LCA calls for amendments to Native Title Act
The Law Council of Australia has called for the Native Title Act to be amended to ensure native title claimants are on a level playing field with mining companies and state governments that contest native title claims.
LCA president, Catherine Gale, said the laws as they stand do not go far enough to protect the land rights of indigenous people.
“The Native Title Act currently provides that native title is extinguished if the traditional owners’ possession or connection with the land has been interrupted at any stage since European settlement,” said Gale on June 3, the eve of the 20th anniversary of the High Court’s Mabo decision.
“While many indigenous groups are able to prove they are the traditional custodians of their native title lands, they simply cannot prove their connection with their traditional lands has not been broken since European settlement.”
“This means that their native title rights are permanently extinguished under the terms of the Native Title Act.”
Gale called for the creation of a presumption of continuous ownership and possession in the laws and for federal politicians to support such reforms to the native title to ensure past injustices are redressed and a fairer claims’ process is installed.
The 1992 Mabo decision recognised the rights of the Merriam peoples to the Murray Islands in Queensland and led to the enactment of the Native Title Act 1993.

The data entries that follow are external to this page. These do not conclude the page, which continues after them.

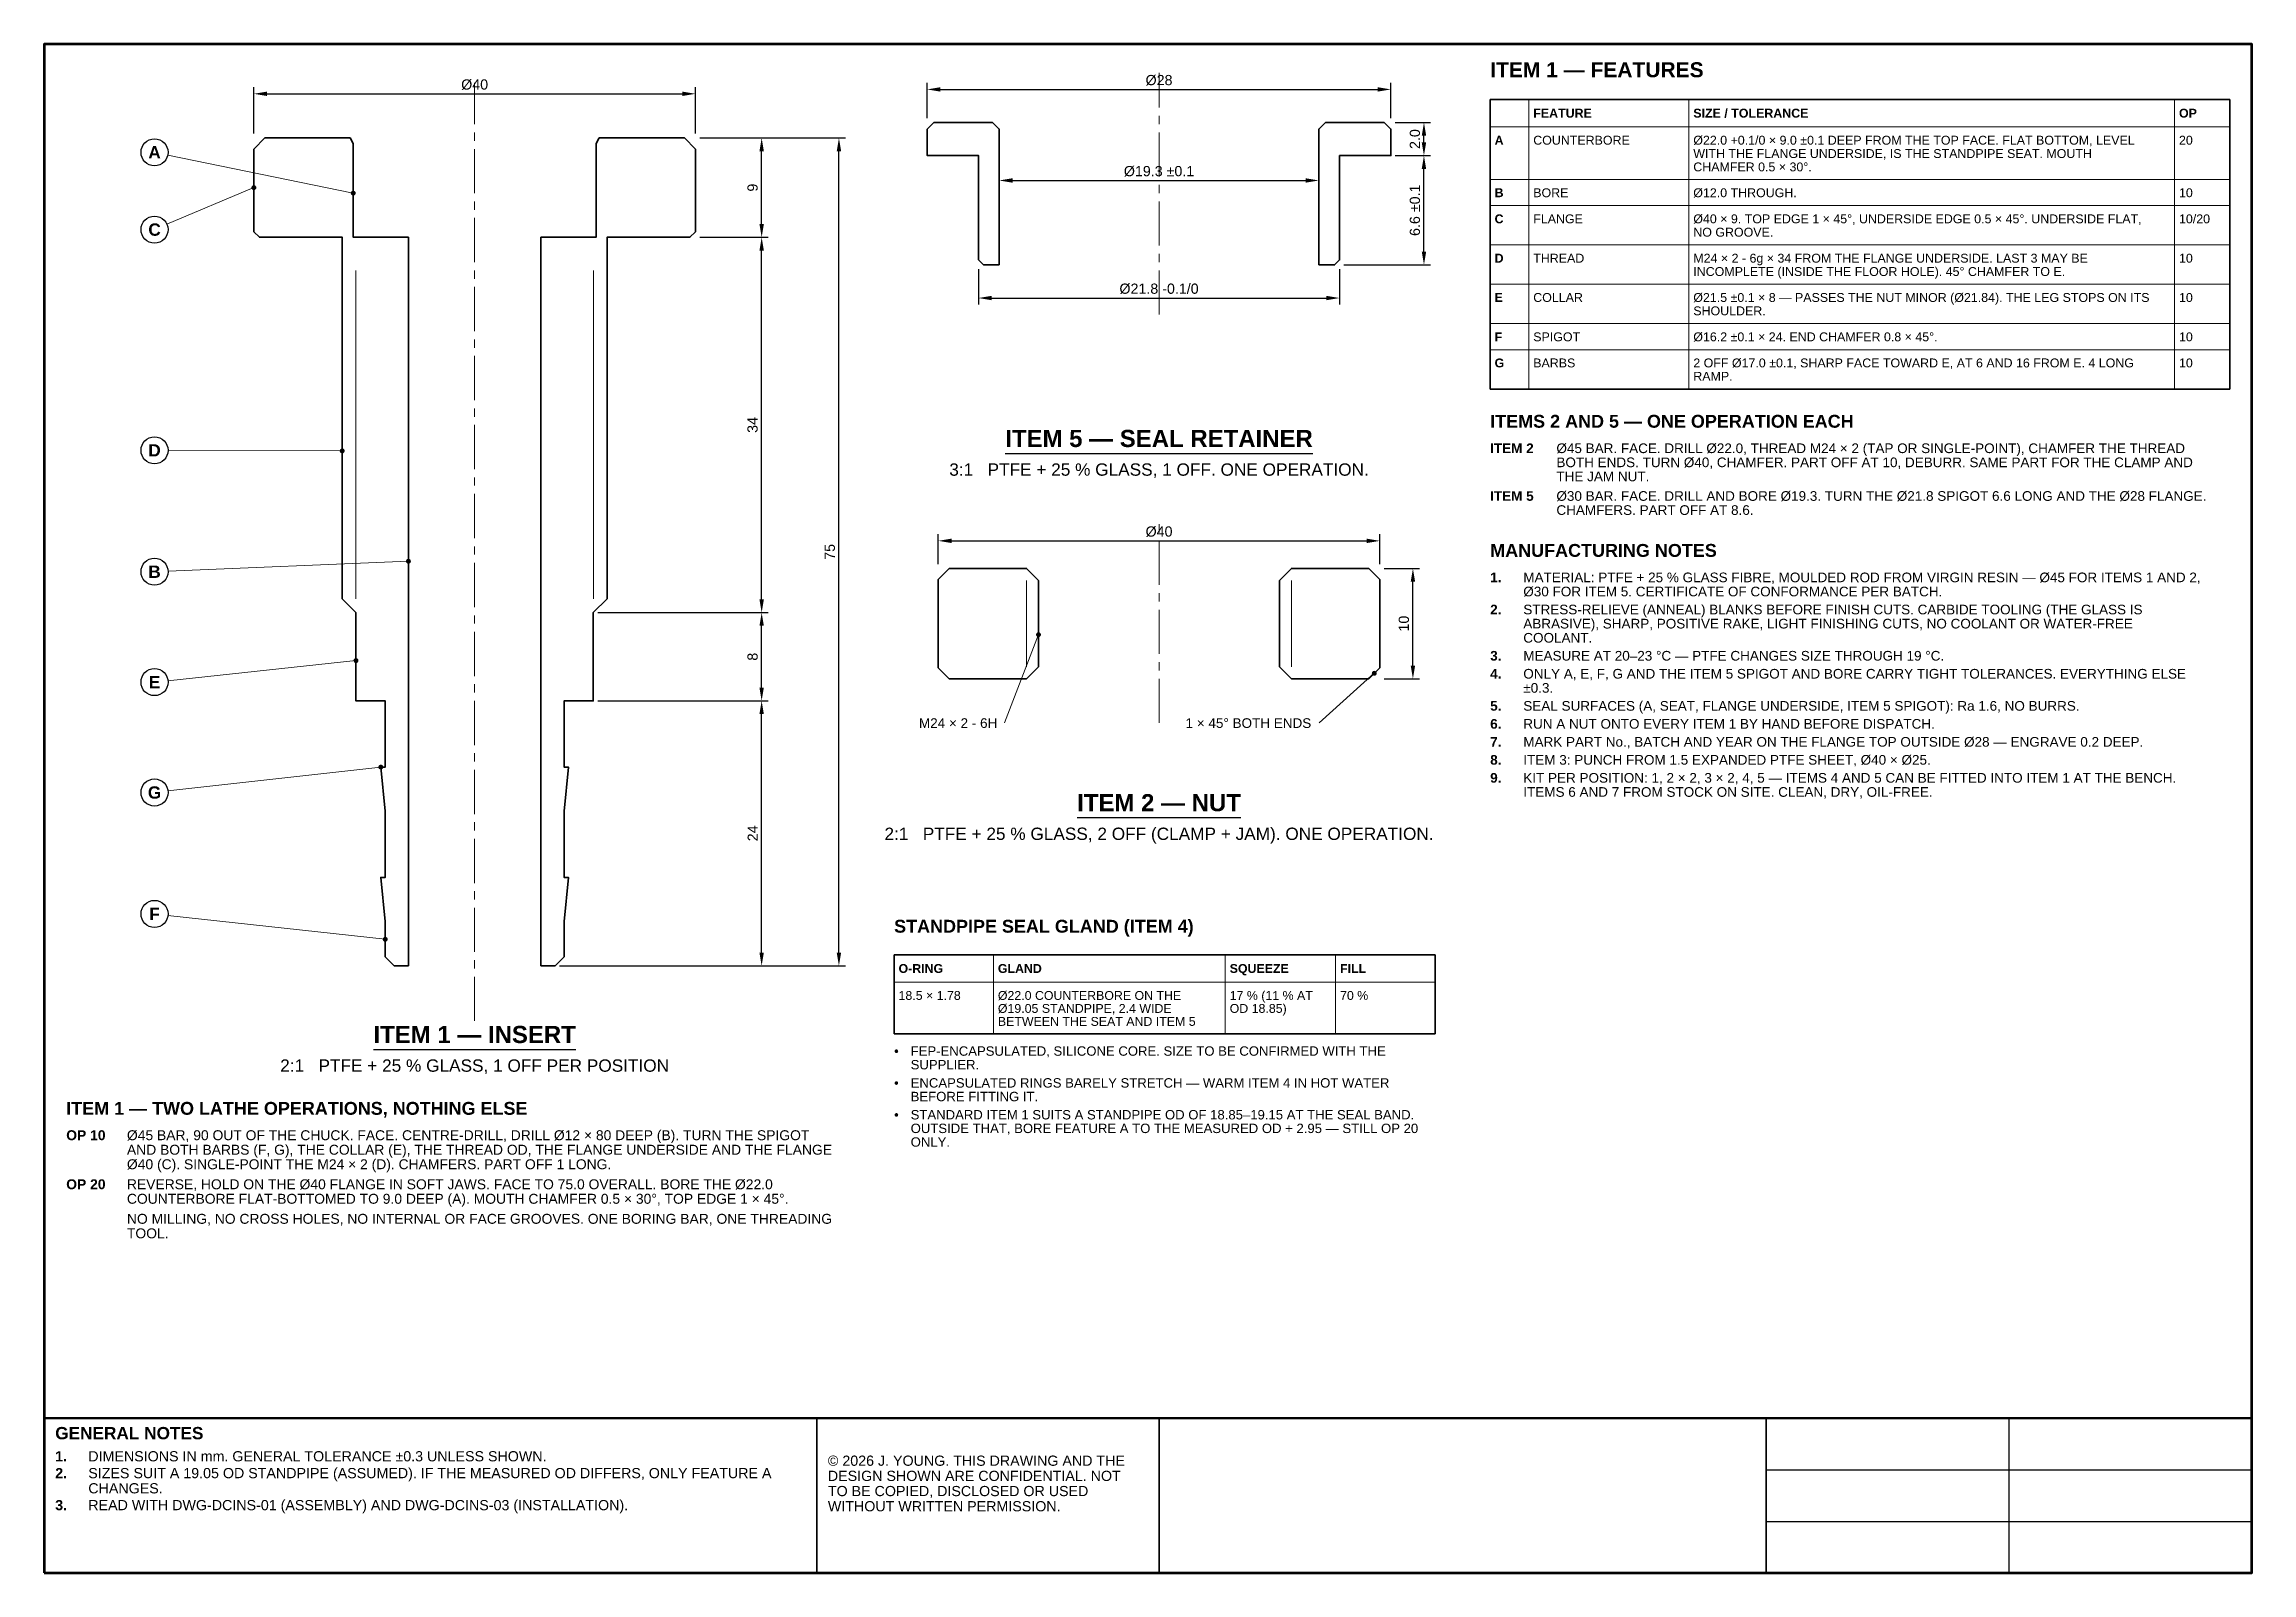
# Model space of a CAD drawing. Header units: millimetres. Extents: x 10 to 410, y 10 to 287.
import ezdxf
from ezdxf.enums import TextEntityAlignment as Align

# ---------------------------------------------------------------- set-up
doc = ezdxf.new("R2010")
doc.units = ezdxf.units.MM
doc.linetypes.add('DCINS_CENTER', pattern=[12.5, 8, -1.5, 1.5, -1.5])
for name, color, linetype, lineweight in [('BORDER', 7, 'Continuous', 70), ('CENTER', 7, 'DCINS_CENTER', 13), ('DIMENSIONS', 7, 'Continuous', 18), ('NOTES', 7, 'Continuous', 18), ('TABLES', 7, 'Continuous', 18), ('THIN', 7, 'Continuous', 18), ('VISIBLE', 7, 'Continuous', 35)]:
    doc.layers.add(name, color=color, linetype=linetype, lineweight=lineweight)
doc.styles.add('DCINS', font='arial.ttf')
doc.styles.add('DCINS-BOLD', font='arialbd.ttf')
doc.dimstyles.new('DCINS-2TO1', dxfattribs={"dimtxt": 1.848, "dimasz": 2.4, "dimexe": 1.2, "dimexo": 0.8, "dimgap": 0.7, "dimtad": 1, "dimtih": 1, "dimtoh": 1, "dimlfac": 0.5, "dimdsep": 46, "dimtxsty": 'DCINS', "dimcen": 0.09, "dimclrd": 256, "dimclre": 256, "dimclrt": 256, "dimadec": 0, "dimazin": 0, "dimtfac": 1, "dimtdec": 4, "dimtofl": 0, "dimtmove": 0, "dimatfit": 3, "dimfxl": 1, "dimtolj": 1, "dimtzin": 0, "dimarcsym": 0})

“The recognition of native title overturned two centuries of injustice and dispelled the legal myth that European colonisation of Australia had swept away the pre-existing land rights of Aboriginal and Torres Strait Islander people,” said Gale, adding that the anniversary of the Mabo decision provided an ideal opportunity for the Australian Government to promote meaningful reform of native title to ensure indigenous people’s rights are not extinguished as a result of historical dislocation and dispossession.